### Problem statement
Find "#33=DIRECTION('',(0.,1.,0.));" and "#40=CARTESIAN_POINT('',(0.,45.,-1.));" in the records below. Copy the lines holding them and every line between, exactly, and no others.

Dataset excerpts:
───

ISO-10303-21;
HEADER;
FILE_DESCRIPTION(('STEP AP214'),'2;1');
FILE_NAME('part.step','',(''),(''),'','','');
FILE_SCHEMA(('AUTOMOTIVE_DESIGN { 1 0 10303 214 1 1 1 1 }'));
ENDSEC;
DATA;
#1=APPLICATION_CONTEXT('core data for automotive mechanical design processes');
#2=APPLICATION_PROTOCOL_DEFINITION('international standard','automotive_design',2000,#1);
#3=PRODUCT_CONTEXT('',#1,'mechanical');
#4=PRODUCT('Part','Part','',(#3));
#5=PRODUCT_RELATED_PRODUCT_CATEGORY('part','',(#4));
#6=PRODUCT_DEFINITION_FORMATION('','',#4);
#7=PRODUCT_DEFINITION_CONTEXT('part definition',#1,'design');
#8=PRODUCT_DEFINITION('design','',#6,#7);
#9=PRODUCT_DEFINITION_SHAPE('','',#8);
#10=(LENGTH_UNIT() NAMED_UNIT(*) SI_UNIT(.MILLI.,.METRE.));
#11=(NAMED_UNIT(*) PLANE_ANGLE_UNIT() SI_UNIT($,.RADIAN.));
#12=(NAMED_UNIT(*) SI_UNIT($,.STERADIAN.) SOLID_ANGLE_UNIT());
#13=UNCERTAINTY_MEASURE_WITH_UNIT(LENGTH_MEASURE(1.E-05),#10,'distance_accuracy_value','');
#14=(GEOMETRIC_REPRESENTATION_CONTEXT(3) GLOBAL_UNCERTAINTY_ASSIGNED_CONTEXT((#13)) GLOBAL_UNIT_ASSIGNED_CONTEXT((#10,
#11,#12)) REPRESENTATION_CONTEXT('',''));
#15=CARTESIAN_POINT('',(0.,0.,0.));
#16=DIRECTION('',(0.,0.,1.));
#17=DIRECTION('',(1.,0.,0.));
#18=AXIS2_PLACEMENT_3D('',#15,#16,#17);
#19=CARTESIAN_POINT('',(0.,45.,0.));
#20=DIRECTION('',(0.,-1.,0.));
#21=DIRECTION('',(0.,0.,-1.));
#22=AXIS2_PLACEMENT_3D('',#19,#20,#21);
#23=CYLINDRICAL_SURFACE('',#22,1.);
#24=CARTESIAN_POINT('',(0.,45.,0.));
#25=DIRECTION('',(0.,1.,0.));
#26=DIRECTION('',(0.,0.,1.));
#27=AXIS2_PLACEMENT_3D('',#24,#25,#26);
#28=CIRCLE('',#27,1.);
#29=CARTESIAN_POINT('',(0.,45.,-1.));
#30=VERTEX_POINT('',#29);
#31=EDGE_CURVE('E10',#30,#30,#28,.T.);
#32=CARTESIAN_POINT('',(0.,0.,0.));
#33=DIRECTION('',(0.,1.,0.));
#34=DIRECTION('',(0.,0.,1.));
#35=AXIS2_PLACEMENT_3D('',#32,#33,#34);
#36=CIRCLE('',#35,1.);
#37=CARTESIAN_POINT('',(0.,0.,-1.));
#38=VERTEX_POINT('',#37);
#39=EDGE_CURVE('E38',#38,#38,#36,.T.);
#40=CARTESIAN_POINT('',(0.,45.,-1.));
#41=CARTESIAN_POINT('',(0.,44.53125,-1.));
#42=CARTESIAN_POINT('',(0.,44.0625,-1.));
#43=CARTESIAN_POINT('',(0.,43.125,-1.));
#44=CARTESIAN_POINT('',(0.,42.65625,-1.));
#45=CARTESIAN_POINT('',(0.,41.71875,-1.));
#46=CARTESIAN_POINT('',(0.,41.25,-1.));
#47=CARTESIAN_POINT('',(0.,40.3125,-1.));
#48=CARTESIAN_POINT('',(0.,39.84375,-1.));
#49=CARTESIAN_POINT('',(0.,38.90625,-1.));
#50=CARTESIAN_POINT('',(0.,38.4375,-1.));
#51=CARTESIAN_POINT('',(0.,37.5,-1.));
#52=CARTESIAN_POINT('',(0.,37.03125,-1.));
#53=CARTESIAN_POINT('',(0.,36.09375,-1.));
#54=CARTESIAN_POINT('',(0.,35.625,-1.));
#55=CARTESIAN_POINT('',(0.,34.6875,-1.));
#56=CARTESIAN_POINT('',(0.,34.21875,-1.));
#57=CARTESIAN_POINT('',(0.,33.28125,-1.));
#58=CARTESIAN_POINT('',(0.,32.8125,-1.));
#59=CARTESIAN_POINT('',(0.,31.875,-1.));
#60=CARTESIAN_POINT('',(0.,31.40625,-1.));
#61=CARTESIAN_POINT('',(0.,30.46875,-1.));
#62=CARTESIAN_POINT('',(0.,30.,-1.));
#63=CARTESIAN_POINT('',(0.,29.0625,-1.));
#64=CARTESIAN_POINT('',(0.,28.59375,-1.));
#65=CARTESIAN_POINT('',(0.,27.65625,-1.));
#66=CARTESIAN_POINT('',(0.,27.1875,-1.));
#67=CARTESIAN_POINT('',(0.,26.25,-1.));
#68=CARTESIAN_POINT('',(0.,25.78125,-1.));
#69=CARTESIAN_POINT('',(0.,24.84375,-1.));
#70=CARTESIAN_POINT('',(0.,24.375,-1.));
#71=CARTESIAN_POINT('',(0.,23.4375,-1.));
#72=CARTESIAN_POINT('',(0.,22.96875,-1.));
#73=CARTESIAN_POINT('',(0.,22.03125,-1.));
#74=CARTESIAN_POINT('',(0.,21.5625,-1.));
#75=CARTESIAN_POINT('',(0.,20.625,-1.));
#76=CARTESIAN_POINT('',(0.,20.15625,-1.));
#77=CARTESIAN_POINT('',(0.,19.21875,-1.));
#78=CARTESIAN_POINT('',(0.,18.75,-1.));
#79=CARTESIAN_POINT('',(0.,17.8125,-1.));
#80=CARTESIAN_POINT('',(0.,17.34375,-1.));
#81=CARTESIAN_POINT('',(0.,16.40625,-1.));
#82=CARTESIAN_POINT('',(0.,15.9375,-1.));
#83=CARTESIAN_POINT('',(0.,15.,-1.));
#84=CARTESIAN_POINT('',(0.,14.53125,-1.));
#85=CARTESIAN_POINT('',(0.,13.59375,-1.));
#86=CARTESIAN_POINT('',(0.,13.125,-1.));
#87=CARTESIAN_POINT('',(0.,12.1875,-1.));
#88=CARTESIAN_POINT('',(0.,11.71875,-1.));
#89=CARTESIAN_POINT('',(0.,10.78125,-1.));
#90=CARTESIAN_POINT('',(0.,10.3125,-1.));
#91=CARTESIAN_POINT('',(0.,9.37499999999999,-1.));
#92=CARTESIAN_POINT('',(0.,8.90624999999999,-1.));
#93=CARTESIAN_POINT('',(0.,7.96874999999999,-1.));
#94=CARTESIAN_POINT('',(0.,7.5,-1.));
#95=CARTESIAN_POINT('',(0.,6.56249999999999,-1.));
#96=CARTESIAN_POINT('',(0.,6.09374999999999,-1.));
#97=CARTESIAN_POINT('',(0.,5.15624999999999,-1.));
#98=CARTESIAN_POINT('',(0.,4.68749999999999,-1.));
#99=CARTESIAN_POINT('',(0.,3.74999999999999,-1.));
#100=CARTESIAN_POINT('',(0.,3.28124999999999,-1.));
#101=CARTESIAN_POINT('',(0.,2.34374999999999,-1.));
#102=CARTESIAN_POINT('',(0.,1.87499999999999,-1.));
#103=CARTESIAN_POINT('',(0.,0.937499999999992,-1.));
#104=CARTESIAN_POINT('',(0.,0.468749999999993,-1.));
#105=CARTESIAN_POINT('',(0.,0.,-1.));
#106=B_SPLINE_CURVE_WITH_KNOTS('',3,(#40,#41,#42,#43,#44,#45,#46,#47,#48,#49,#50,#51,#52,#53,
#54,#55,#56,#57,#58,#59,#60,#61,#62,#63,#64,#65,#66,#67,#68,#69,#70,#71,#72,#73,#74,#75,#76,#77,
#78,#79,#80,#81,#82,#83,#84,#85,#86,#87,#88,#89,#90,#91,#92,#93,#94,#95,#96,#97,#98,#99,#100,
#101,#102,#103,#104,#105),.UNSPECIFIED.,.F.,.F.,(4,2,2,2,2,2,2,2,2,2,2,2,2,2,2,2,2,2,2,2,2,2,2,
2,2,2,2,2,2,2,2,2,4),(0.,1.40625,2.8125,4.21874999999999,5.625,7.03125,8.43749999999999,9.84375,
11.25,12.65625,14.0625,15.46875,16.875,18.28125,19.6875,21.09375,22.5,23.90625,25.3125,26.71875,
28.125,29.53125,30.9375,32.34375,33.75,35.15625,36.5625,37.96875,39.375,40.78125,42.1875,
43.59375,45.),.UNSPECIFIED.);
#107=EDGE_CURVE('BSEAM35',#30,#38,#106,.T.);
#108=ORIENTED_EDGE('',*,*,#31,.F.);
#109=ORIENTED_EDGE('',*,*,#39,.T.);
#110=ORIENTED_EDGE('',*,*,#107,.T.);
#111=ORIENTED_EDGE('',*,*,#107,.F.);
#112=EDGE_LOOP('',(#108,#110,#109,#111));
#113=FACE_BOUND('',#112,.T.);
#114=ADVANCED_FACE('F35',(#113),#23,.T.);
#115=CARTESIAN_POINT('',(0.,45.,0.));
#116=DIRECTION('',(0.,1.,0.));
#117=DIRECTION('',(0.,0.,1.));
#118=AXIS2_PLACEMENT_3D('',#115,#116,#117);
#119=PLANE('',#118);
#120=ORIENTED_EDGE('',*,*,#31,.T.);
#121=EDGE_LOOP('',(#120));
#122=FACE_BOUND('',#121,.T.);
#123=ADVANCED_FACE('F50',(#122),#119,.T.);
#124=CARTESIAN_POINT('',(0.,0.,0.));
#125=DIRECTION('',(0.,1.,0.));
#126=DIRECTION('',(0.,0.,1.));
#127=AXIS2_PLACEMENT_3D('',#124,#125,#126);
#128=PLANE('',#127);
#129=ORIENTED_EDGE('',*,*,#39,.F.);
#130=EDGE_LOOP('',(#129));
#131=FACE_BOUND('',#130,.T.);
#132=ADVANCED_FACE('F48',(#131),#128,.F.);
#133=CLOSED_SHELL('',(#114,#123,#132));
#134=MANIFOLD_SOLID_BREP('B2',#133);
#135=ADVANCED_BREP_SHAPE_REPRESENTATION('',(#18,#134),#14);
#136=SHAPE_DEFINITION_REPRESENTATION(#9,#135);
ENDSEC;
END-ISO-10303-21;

───

### Answer to the exercise
#33=DIRECTION('',(0.,1.,0.));
#34=DIRECTION('',(0.,0.,1.));
#35=AXIS2_PLACEMENT_3D('',#32,#33,#34);
#36=CIRCLE('',#35,1.);
#37=CARTESIAN_POINT('',(0.,0.,-1.));
#38=VERTEX_POINT('',#37);
#39=EDGE_CURVE('E38',#38,#38,#36,.T.);
#40=CARTESIAN_POINT('',(0.,45.,-1.));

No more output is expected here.